Data under study ->
*** Block opens ***

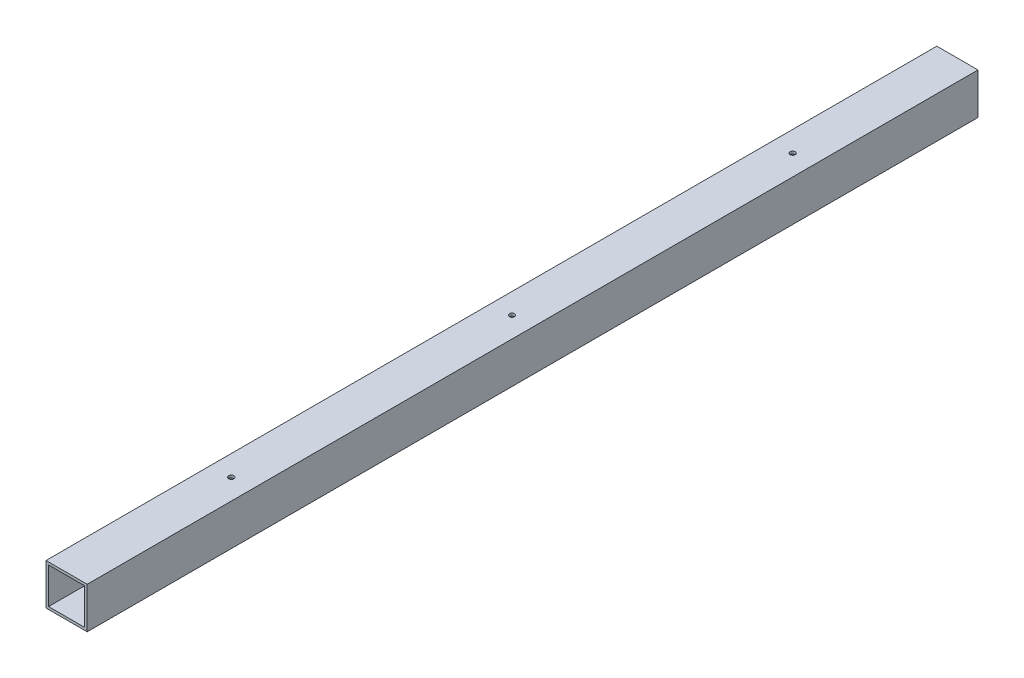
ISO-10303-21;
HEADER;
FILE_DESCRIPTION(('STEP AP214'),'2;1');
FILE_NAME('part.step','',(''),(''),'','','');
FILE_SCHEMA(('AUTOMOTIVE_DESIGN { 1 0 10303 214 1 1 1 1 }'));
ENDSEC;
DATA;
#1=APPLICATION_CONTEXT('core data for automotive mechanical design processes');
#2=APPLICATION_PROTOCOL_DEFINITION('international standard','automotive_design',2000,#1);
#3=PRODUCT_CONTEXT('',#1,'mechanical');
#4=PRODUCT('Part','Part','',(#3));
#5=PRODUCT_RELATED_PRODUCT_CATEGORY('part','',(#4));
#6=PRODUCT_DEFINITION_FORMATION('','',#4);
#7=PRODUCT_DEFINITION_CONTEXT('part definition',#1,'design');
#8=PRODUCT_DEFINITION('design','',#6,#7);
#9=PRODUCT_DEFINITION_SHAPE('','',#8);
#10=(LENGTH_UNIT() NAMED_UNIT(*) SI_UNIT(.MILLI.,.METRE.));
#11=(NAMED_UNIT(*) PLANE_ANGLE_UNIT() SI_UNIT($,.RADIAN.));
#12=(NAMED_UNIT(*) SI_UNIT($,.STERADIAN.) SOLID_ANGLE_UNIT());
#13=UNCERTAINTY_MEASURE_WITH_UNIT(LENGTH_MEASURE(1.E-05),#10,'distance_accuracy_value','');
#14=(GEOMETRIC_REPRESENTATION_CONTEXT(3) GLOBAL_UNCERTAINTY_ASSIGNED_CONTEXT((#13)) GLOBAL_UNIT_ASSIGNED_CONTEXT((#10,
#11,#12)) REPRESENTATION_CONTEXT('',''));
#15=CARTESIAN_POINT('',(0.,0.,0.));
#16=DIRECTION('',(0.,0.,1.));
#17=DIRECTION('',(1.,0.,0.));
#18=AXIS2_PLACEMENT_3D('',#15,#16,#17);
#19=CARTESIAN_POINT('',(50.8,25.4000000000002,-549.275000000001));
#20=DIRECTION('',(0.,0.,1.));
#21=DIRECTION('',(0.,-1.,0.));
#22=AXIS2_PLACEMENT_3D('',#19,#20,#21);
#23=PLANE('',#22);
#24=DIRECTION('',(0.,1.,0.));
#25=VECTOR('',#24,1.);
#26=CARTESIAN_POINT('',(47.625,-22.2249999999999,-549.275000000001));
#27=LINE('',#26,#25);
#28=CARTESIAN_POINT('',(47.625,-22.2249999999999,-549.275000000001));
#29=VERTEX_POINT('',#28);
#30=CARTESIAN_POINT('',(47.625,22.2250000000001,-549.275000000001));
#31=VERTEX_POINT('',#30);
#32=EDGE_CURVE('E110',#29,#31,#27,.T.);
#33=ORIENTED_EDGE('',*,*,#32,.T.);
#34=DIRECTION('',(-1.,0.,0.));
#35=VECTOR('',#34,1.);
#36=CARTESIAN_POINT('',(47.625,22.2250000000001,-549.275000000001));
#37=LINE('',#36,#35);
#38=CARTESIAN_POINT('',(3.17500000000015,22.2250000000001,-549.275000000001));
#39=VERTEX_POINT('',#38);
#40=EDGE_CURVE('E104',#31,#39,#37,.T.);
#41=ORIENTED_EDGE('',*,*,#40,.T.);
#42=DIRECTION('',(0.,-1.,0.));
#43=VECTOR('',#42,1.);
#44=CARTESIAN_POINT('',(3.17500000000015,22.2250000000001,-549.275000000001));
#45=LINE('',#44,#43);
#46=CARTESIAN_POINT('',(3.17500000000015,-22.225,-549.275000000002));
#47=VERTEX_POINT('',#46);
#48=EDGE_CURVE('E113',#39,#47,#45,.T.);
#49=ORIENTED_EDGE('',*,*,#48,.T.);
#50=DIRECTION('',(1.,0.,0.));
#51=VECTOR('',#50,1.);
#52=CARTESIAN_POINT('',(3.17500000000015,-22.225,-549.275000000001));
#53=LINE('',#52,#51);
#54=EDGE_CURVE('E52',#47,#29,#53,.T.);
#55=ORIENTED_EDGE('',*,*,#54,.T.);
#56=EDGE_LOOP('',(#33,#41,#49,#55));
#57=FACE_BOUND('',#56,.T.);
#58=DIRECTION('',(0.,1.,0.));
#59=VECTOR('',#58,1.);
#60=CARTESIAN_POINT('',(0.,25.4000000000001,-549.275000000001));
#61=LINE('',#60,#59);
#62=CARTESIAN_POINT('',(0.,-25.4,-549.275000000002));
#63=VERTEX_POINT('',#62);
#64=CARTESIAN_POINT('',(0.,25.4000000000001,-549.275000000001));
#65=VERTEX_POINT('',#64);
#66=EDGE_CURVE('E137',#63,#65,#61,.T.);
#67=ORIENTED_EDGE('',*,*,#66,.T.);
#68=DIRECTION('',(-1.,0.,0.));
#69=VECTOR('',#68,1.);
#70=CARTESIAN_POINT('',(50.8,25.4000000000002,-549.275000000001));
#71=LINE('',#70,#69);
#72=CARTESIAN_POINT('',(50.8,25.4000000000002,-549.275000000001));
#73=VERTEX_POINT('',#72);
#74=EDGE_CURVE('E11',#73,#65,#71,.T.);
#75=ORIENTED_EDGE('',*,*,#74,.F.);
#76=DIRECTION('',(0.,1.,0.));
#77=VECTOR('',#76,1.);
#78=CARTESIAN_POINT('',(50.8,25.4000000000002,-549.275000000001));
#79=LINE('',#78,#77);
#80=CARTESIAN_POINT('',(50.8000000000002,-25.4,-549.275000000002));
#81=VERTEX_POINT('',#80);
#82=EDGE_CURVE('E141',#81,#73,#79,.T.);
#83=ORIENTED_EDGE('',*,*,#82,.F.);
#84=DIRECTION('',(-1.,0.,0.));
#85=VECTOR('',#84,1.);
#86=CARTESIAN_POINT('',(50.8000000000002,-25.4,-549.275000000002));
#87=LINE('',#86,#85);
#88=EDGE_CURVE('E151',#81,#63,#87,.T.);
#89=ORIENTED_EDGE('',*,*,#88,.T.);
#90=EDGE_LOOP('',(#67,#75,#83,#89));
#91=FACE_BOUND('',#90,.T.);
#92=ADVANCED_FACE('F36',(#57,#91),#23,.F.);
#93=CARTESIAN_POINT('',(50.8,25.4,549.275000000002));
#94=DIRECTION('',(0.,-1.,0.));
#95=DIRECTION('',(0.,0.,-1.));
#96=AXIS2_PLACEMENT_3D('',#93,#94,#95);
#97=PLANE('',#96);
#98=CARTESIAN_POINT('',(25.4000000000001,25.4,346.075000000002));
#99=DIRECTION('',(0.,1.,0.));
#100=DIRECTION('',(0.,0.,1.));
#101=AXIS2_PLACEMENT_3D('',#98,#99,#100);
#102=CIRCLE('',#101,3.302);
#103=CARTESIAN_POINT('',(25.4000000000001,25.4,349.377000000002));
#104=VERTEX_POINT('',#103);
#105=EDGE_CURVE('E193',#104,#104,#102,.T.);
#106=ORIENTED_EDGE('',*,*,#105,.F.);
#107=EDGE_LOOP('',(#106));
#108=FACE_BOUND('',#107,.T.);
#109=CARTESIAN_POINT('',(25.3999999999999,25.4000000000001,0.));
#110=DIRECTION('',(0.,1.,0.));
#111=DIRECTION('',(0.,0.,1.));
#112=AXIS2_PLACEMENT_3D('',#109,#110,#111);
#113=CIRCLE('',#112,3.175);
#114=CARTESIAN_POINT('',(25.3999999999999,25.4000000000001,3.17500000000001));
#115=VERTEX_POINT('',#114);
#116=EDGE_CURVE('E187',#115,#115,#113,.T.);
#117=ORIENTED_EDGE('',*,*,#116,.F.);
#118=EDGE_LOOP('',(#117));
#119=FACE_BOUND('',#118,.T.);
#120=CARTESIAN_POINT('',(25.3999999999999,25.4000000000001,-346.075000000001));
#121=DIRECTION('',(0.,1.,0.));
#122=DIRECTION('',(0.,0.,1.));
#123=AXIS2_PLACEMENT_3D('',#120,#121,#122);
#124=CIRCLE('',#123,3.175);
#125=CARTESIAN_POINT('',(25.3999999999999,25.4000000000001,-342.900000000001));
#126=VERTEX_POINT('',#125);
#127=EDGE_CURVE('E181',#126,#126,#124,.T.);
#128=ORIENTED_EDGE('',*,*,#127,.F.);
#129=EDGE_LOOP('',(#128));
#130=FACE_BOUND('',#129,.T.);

*** Block closes ***

Instructions to follow -> Go to the line in the material above that contains "#1=APPLICATION_CONTEXT('core data for" and copy exactly from there through the line that contains "#20=DIRECTION('',(0.,0.,1.));", stopping after it.

Response ->
#1=APPLICATION_CONTEXT('core data for automotive mechanical design processes');
#2=APPLICATION_PROTOCOL_DEFINITION('international standard','automotive_design',2000,#1);
#3=PRODUCT_CONTEXT('',#1,'mechanical');
#4=PRODUCT('Part','Part','',(#3));
#5=PRODUCT_RELATED_PRODUCT_CATEGORY('part','',(#4));
#6=PRODUCT_DEFINITION_FORMATION('','',#4);
#7=PRODUCT_DEFINITION_CONTEXT('part definition',#1,'design');
#8=PRODUCT_DEFINITION('design','',#6,#7);
#9=PRODUCT_DEFINITION_SHAPE('','',#8);
#10=(LENGTH_UNIT() NAMED_UNIT(*) SI_UNIT(.MILLI.,.METRE.));
#11=(NAMED_UNIT(*) PLANE_ANGLE_UNIT() SI_UNIT($,.RADIAN.));
#12=(NAMED_UNIT(*) SI_UNIT($,.STERADIAN.) SOLID_ANGLE_UNIT());
#13=UNCERTAINTY_MEASURE_WITH_UNIT(LENGTH_MEASURE(1.E-05),#10,'distance_accuracy_value','');
#14=(GEOMETRIC_REPRESENTATION_CONTEXT(3) GLOBAL_UNCERTAINTY_ASSIGNED_CONTEXT((#13)) GLOBAL_UNIT_ASSIGNED_CONTEXT((#10,
#11,#12)) REPRESENTATION_CONTEXT('',''));
#15=CARTESIAN_POINT('',(0.,0.,0.));
#16=DIRECTION('',(0.,0.,1.));
#17=DIRECTION('',(1.,0.,0.));
#18=AXIS2_PLACEMENT_3D('',#15,#16,#17);
#19=CARTESIAN_POINT('',(50.8,25.4000000000002,-549.275000000001));
#20=DIRECTION('',(0.,0.,1.));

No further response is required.